Semantic vs. date versioning
Posted on 2023-03-08 Edit on GitHub
A very popular versioning scheme in software development is semantic versioning (semver), in which versions take a MAJOR.MINOR.PATCH
format. These elements have the following semantics:
MAJOR
version when you make incompatible API changesMINOR
version when you add functionality in a backwards compatible mannerPATCH
version when you make backwards compatible bug fixes
For a long time I also followed this convention, but over the years I've come to realize it has a number of weaknesses.
To start, the major version is meant to indicate a backwards-incompatible change. This implies that if the major version doesn't change, you should be confident in updating to a new version of a library without breaking your code.
Is this what happens in practice? All too often, no. Semantic versioning merely states what should happen; it gives no guarantees that this is what actually happens. Compatibility-breaking can occur in many and subtle ways. Keeping the signature of a function the same but changing the return value for certain inputs, for example, is a breaking change. This sort of thing can be easily overlooked during testing, and even well-intentioned developers often introduce breaking changes without realizing it.
Breaking compatibility annoys users, so many library authors have a tendency to keep their libraries in beta, i.e. major version 0, forever. That way they can introduce breaking changes as they see fit without being drowned in complaints. This was the case with many Clojure libraries, for example, even though some had been in widespread use for years without introducing any breaking changes.
The opposite type of "gaming the system" occurs with end-user facing software such as web browsers. Because people have a tendency to think "bigger number = better", Chrome (which as a project started much later than Firefox) began bumping major versions aggressively in order to "catch up". Firefox responded in turn, so the two today are always within a few versions of each other.

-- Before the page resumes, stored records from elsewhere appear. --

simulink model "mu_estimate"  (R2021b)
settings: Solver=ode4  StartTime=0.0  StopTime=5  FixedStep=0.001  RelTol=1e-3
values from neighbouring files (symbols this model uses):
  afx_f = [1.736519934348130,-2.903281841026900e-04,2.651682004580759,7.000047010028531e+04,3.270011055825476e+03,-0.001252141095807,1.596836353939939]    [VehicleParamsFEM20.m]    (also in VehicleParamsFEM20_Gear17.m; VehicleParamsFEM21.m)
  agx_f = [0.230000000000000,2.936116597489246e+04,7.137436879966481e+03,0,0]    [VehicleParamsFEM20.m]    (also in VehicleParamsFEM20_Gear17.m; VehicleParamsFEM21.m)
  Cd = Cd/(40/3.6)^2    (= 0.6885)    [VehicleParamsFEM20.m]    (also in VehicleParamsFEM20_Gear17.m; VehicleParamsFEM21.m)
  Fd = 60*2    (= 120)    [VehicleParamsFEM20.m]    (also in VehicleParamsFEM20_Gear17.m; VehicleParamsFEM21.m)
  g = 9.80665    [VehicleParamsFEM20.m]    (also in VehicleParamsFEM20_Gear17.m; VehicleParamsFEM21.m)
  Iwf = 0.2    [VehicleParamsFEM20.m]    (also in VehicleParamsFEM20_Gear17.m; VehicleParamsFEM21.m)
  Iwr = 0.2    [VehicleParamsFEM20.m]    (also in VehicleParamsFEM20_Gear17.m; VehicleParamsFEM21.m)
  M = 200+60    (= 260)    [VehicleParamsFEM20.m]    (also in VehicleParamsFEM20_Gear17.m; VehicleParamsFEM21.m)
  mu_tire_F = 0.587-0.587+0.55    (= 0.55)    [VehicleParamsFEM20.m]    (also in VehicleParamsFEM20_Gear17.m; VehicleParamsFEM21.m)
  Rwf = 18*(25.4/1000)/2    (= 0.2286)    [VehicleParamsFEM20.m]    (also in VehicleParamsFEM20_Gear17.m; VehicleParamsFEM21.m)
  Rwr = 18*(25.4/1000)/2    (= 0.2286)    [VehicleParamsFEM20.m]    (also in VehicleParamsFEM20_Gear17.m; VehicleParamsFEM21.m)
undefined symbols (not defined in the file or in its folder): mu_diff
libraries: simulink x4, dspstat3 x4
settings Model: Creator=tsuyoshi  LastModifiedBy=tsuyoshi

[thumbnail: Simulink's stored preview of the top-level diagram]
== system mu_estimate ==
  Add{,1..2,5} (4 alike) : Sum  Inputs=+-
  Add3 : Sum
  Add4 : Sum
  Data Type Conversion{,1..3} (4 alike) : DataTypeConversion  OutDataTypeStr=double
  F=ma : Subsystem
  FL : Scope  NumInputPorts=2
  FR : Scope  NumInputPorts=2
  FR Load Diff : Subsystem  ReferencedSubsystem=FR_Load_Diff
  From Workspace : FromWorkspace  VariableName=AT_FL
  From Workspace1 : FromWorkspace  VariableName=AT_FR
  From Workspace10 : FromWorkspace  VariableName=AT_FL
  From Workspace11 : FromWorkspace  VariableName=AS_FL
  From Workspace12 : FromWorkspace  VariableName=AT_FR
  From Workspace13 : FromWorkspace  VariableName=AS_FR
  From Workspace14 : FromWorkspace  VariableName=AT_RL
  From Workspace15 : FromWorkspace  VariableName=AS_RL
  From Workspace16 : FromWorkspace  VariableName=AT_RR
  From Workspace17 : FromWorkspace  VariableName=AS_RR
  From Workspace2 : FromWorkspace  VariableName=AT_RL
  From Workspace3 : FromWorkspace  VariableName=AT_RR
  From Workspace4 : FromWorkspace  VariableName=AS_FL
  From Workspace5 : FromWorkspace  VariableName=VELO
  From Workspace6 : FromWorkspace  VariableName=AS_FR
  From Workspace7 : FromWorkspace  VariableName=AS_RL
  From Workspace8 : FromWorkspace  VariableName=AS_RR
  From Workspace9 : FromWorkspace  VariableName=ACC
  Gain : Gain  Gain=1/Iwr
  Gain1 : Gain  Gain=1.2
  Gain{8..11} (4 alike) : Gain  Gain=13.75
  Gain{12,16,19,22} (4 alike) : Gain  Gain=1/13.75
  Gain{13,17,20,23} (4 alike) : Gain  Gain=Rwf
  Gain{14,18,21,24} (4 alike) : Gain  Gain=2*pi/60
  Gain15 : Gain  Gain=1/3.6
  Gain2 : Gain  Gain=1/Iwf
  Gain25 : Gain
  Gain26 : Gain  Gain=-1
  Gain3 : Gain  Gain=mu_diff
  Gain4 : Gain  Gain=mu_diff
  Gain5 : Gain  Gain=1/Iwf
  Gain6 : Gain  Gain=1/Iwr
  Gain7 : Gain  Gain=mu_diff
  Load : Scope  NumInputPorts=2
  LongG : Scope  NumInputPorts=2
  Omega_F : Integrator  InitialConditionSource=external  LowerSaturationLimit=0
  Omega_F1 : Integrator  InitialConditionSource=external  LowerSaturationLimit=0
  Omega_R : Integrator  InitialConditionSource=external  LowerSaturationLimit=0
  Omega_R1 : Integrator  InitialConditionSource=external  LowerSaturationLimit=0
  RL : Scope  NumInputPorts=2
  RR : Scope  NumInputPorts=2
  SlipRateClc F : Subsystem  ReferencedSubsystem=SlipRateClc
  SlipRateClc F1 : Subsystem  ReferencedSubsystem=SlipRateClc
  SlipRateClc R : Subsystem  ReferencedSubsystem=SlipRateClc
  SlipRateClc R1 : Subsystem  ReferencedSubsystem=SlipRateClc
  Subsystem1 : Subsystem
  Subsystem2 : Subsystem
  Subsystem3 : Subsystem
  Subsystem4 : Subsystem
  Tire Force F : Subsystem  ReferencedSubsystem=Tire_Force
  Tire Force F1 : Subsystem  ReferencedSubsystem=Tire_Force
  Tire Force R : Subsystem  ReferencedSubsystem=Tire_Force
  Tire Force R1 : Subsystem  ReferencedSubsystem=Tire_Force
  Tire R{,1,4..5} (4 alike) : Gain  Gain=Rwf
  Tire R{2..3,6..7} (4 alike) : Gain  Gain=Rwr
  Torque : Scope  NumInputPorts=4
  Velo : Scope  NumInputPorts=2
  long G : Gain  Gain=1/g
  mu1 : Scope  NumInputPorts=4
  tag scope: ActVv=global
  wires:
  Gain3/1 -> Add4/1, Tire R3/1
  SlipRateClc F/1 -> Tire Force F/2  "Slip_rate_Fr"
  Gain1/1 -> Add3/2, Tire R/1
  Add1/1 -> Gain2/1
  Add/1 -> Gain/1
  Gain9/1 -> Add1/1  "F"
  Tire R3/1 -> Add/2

Failing to keep compatibility promises and actively gaming the version bumping both result in a versioning scheme that initially promised to be "semantic" deviating from that standard. Pretty soon x,y.z
end up meaning nothing in particular, except for the developer's own estimate of changes being big or small. Thus, you learn not to trust projects when they promise to use "semantic versioning" and use the version number only for ordering.
So what's a better versioning scheme?
Some swear by hash-based versioning, which has the advantage of integrating well with Git and unambiguously identifying a commit. But hash-based versioning has poor readability and doesn't order the versions.
Personally, I prefer timestamp versioning, which has a number of advantages.
A timestamp communicates important information–namely, when a package was released. Timestamps are obviously ordered and can be compared against each other. For an actively and consistently developed project, time serves as a good proxy for how much change a version introduced. If I see that the current version was released one month ago, the previous version six months ago, and the one before that eight months ago, I can reasonably conclude that significant changes were introduced between the current and previous versions, more than that between the previous version and the one before it. Such a heuristic is not a guarantee, but it is useful.
This comparability is true not only for a particular project, but even across projects. If project A
's latest version is from one month ago, but B
's is from two years ago, I may suspect the two will have some issues integrating with each other. Such heuristics cannot be applied with semantic or hash versions.
Unlike major versions in semver, timestamps don't make any claims the versioning scheme itself cannot guarantee, such as compatibility. How seriously compatibility is respected differs from project to project, with those keeping compatibility often becoming more popular because others can trust and build upon them. A versioning scheme, at best, can communicate the developer's intent, but since it is incapable of guaranteeing an outcome, users quickly learn to distrust it.
By not making claims about compatibility, but instead communicating how much time has passed between the version you have vs. the one you want to upgrade to, timestamp versions allow the user to make a judgment call as to whether they want to investigate compatibility issues. If the two versions are separated by only two weeks, in all likelihood compatibility isn't an issue. If it's been a year, it may be worth investigating the changelogs to see what's broken.
Ultimately, a good versioning system is about communicating some useful information to the developer. One that makes claims it can't back up, such as semver, or comes across as inscrutable, such as hash-based versioning, makes the developer's life harder instead of easier. Timestamp versioning is simple and doesn't offer guarantees it can't enforce, which is why it's the versioning scheme I prefer.